I don't use "Spaces" on my iMac, the concept is cumbersome to me. Suddenly something sort of like Spaces is happening on my desktop without my knowingly causing it. Say I have several apps open - Safari, Speed Download and Mail - only one app will stay visible on my screen - the others shrink to the taskbar ( or somewhere! not sure where they're going). To use one of the "hidden" apps I have to use keyboard shortcut Tab-Command to bring it forward. Then that ONE app opens up, and disappears the first one! And on and on! 

Any ideas what could be causing this? It's very annoying because it wastes time.


----------



## Headrush (Feb 9, 2005)

Open *System preferences -> Accounts* or *System preferences -> Users & Groups* depending on what OS X version you have, create a new user account. (just temporary)

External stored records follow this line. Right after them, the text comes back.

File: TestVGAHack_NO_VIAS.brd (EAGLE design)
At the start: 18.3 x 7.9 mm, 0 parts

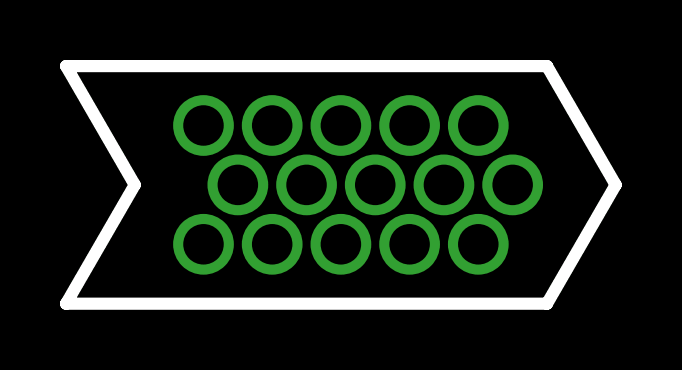
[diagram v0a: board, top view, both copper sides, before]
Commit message: Two VGA's at the same time
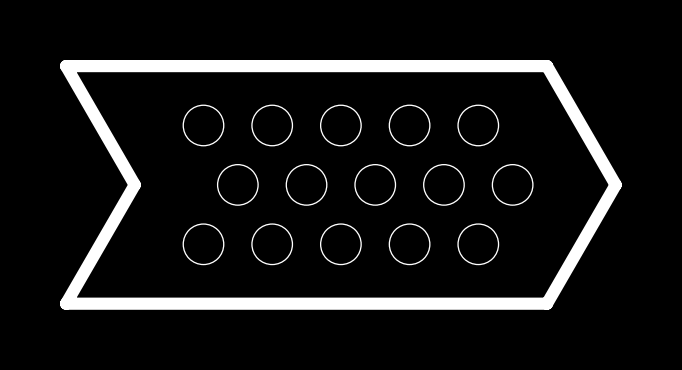
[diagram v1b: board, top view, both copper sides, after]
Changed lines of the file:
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@@
 <setting verticaltext="up"/>
 </settings>
-<grid distance="1.98" unitdist="mm" unit="mm" style="lines" multiple="1" display="yes" altdistance="1.98" altunitdist="mm" altunit="mm"/>
+<grid distance="1.145" unitdist="mm" unit="mm" style="lines" multiple="2" display="yes" altdistance="1.98" altunitdist="mm" altunit="mm"/>
 <layers>
 <layer number="1" name="Top" color="4" fill="1" visible="yes" active="yes"/>
@@
 <wire x1="-4.58" y1="1.98" x2="11.45" y2="1.98" width="0.4064" layer="20"/>
 <wire x1="-4.58" y1="-5.94" x2="11.45" y2="-5.94" width="0.4064" layer="20"/>
+<hole x="0" y="0" drill="1.35"/>
+<hole x="2.29" y="0" drill="1.35"/>
+<hole x="4.58" y="0" drill="1.35"/>
+<hole x="6.87" y="0" drill="1.35"/>
+<hole x="9.16" y="0" drill="1.35"/>
+<hole x="0" y="-3.96" drill="1.35"/>
+<hole x="1.145" y="-1.98" drill="1.35"/>
+<hole x="3.435" y="-1.98" drill="1.35"/>
+<hole x="5.725" y="-1.98" drill="1.35"/>
+<hole x="8.015" y="-1.98" drill="1.35"/>
+<hole x="10.305" y="-1.98" drill="1.35"/>
+<hole x="2.29" y="-3.96" drill="1.35"/>
+<hole x="4.58" y="-3.96" drill="1.35"/>
+<hole x="6.87" y="-3.96" drill="1.35"/>
+<hole x="9.16" y="-3.96" drill="1.35"/>
 </plain>
 <attributes>
@@
 </elements>
 <signals>
-<signal name="S$1">
-<via x="0" y="0" extent="1-16" drill="1.35"/>
-</signal>
-<signal name="S$2">
-<via x="1.145" y="-1.98" extent="1-16" drill="1.35"/>
-</signal>
-<signal name="S$3">
-<via x="0" y="-3.96" extent="1-16" drill="1.35"/>
-</signal>
-<signal name="S$4">
-<via x="2.29" y="0" extent="1-16" drill="1.35"/>
-</signal>
-<signal name="S$5">
-<via x="4.58" y="0" extent="1-16" drill="1.35"/>
-</signal>
-<signal name="S$6">
-<via x="6.87" y="0" extent="1-16" drill="1.35"/>
-</signal>
-<signal name="S$7">
-<via x="9.16" y="0" extent="1-16" drill="1.35"/>
-</signal>
-<signal name="S$8">
-<via x="2.29" y="-3.96" extent="1-16" drill="1.35"/>
-</signal>
-<signal name="S$9">
-<via x="4.58" y="-3.96" extent="1-16" drill="1.35"/>
-</signal>
-<signal name="S$10">
-<via x="6.87" y="-3.96" extent="1-16" drill="1.35"/>
-</signal>
-<signal name="S$11">
-<via x="9.16" y="-3.96" extent="1-16" drill="1.35"/>
-</signal>
-<signal name="S$12">
-<via x="3.435" y="-1.98" extent="1-16" drill="1.35"/>
-</signal>
-<signal name="S$13">
-<via x="5.725" y="-1.98" extent="1-16" drill="1.35"/>
-</signal>
-<signal name="S$14">
-<via x="8.015" y="-1.98" extent="1-16" drill="1.35"/>
-</signal>
-<signal name="S$15">
-<via x="10.305" y="-1.98" extent="1-16" drill="1.35"/>
-</signal>
 </signals>
 </board>
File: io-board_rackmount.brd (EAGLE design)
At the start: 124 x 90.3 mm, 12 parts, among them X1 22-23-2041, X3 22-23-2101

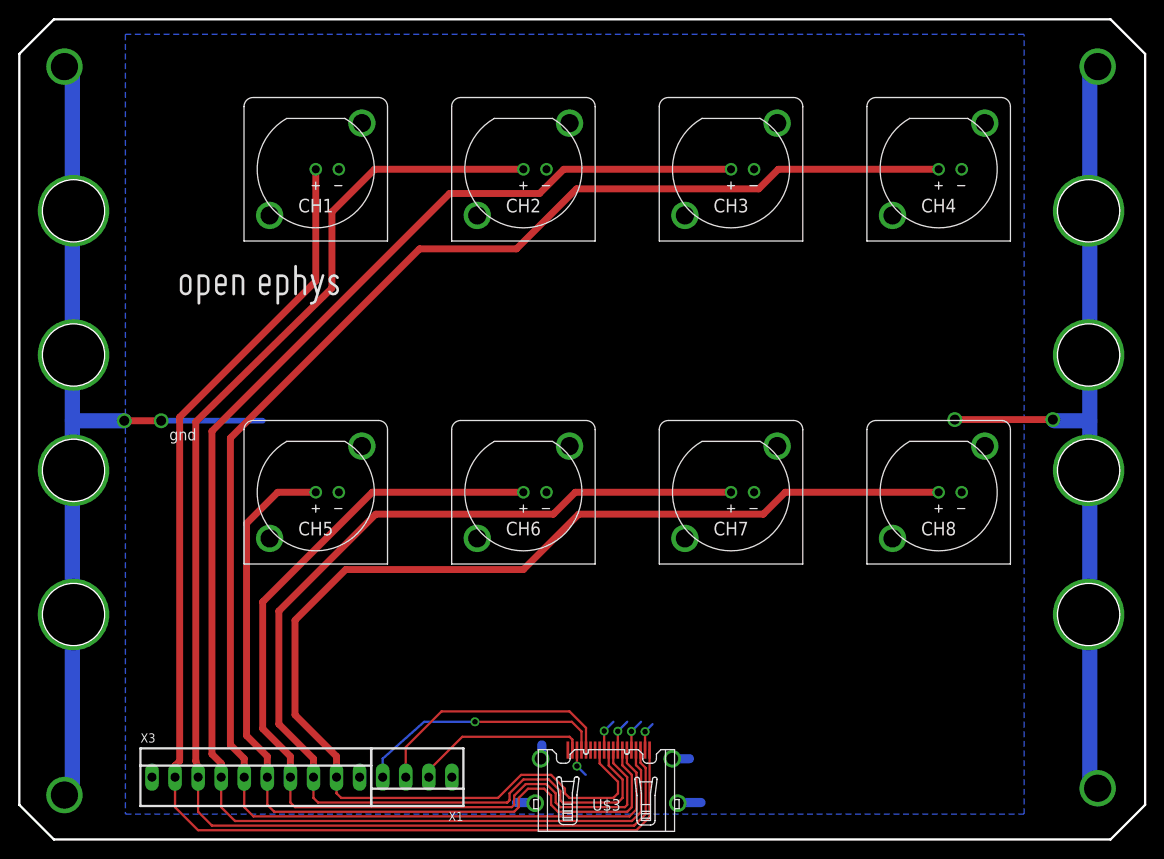
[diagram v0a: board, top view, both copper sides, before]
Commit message: Restore large holes and add 3 mm holes for mounting a case
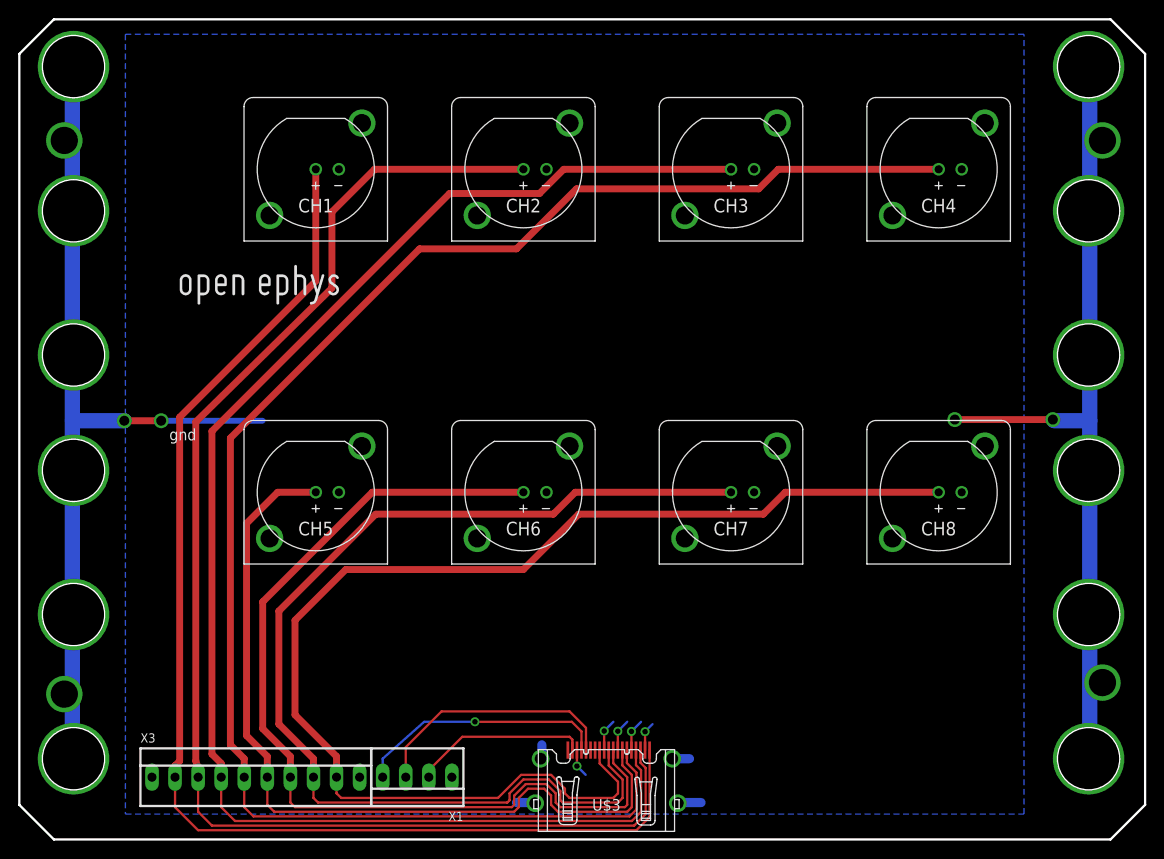
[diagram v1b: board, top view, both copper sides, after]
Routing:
- net S$13: track 79.9 -> 73.9 mm
- net S$14: track 78.2 -> 76.2 mm
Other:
- board text added: "May 2013"
- board text added: "version 1.3"
- board text removed: "July 2013"
- board text removed: "version 1.4"
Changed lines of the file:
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@@
 <setting verticaltext="up"/>
 </settings>
-<grid distance="0.01" unitdist="inch" unit="inch" style="lines" multiple="1" display="yes" altdistance="0.025" altunitdist="inch" altunit="inch"/>
+<grid distance="0.05" unitdist="inch" unit="inch" style="lines" multiple="1" display="yes" altdistance="0.025" altunitdist="inch" altunit="inch"/>
 <layers>
 <layer number="1" name="Top" color="4" fill="1" visible="yes" active="yes"/>
@@
 <layer number="43" name="vRestrict" color="2" fill="10" visible="no" active="yes"/>
 <layer number="44" name="Drills" color="7" fill="1" visible="no" active="yes"/>
-<layer number="45" name="Holes" color="7" fill="1" visible="no" active="yes"/>
+<layer number="45" name="Holes" color="7" fill="1" visible="yes" active="yes"/>
 <layer number="46" name="Milling" color="3" fill="1" visible="no" active="yes"/>
 <layer number="47" name="Measures" color="7" fill="1" visible="no" active="yes"/>
@@
 <plain>
 <text x="17.907" y="56.642" size="1.778" layer="51" font="vector">I/O Board</text>
-<text x="17.907" y="54.102" size="1.27" layer="51" font="vector">version 1.4</text>
-<text x="18.034" y="51.181" size="1.27" layer="51" font="vector">July 2013</text>
+<text x="17.907" y="54.102" size="1.27" layer="51" font="vector">version 1.3</text>
+<text x="18.034" y="51.181" size="1.27" layer="51" font="vector">May 2013</text>
+<hole x="6.096" y="85.598" drill="6.858"/>
 <hole x="6.096" y="69.723" drill="6.858"/>
 <hole x="6.096" y="53.848" drill="6.858"/>
 <hole x="6.096" y="41.148" drill="6.858"/>
 <hole x="6.096" y="25.273" drill="6.858"/>
+<hole x="6.096" y="9.398" drill="6.858"/>
 <wire x1="120.269" y1="0.508" x2="3.937" y2="0.508" width="0.254" layer="20"/>
 <wire x1="3.937" y1="0.508" x2="0.127" y2="4.318" width="0.254" layer="20"/>
@@
 <text x="38.227" y="9.906" size="1.27" layer="51" font="vector" ratio="12" rot="R90">gnd</text>
 <text x="16.764" y="11.049" size="1.3716" layer="51" font="vector" ratio="18">8 7 6 5 4 3 2 1</text>
+<hole x="117.856" y="85.598" drill="6.858"/>
 <hole x="117.856" y="69.723" drill="6.858"/>
 <hole x="117.856" y="53.848" drill="6.858"/>
 <hole x="117.856" y="41.148" drill="6.858"/>
 <hole x="117.856" y="25.273" drill="6.858"/>
+<hole x="117.856" y="9.398" drill="6.858"/>
 </plain>
 <attributes>
@@
 </signal>
 <signal name="S$1">
-<via x="5.096" y="85.598" extent="1-16" drill="3"/>
+<via x="6.096" y="85.598" extent="1-16" drill="6.858"/>
 </signal>
 <signal name="S$2">
@@
 </signal>
 <signal name="S$6">
-<via x="5.096" y="5.398" extent="1-16" drill="3"/>
+<via x="6.096" y="9.398" extent="1-16" drill="6.858"/>
 </signal>
 <signal name="S$13">
-<wire x1="5.969" y1="84.836" x2="5.969" y2="4.922" width="1.6764" layer="16"/>
+<wire x1="5.969" y1="84.836" x2="5.969" y2="10.922" width="1.6764" layer="16"/>
 </signal>
 <signal name="VCC">
@@
 <wire x1="114.046" y1="46.609" x2="117.983" y2="46.609" width="1.6764" layer="16"/>
 </signal>
-<signal name="3">
-<via x="118.856" y="85.598" extent="1-16" drill="3"/>
+<signal name="S$7">
+<via x="117.856" y="85.598" extent="1-16" drill="6.858"/>
 </signal>
 <signal name="S$8">
@@
 </signal>
 <signal name="S$12">
-<via x="118.856" y="6.144" extent="1-16" drill="3"/>
+<via x="117.856" y="9.398" extent="1-16" drill="6.858"/>
 </signal>
 <signal name="S$14">
-<wire x1="117.983" y1="85.09" x2="117.983" y2="6.89" width="1.6764" layer="16"/>
+<wire x1="117.983" y1="85.09" x2="117.983" y2="8.89" width="1.6764" layer="16"/>
+</signal>
+<signal name="N$1">
+<via x="5.08" y="77.47" extent="1-16" drill="3" shape="square"/>
+</signal>
+<signal name="N$6">
+<via x="5.08" y="16.51" extent="1-16" drill="3" shape="square"/>
+</signal>
+<signal name="N$9">
+<via x="119.38" y="17.78" extent="1-16" drill="3" shape="square"/>
+</signal>
+<signal name="N$10">
+<via x="119.38" y="77.47" extent="1-16" drill="3" shape="square"/>
 </signal>
 </signals>

Log into that account and see it the same issue occurs.

If not we know its likely just a settings or preferences specific to your user account.


----------



## jbm4 (Jun 5, 2007)

Hi Headrush:

Thanks for your reply. The "Test" account trick is one I've been wise to for some time, so I already knew the issue was confined to my user, and not my OS or hardware. 

I managed to figure this one out myself, and it was SO simple, it was stupid!

All I had to do was run an app, say, Safari, and go "Safari/Show All", and from that point on, I have been back to where I want to be, showing multiple apps open on my desktop.

I have no idea how/when I set an open app to "Hide Others," but I must have done that sometime. Go figure!


----------



## Headrush (Feb 9, 2005)

jbm4 said:


> I have no idea how/when I set an open app to "Hide Others," but I must have done that sometime. Go figure!


OMG, how embarrassing, I can't believe I forgot about that.


----------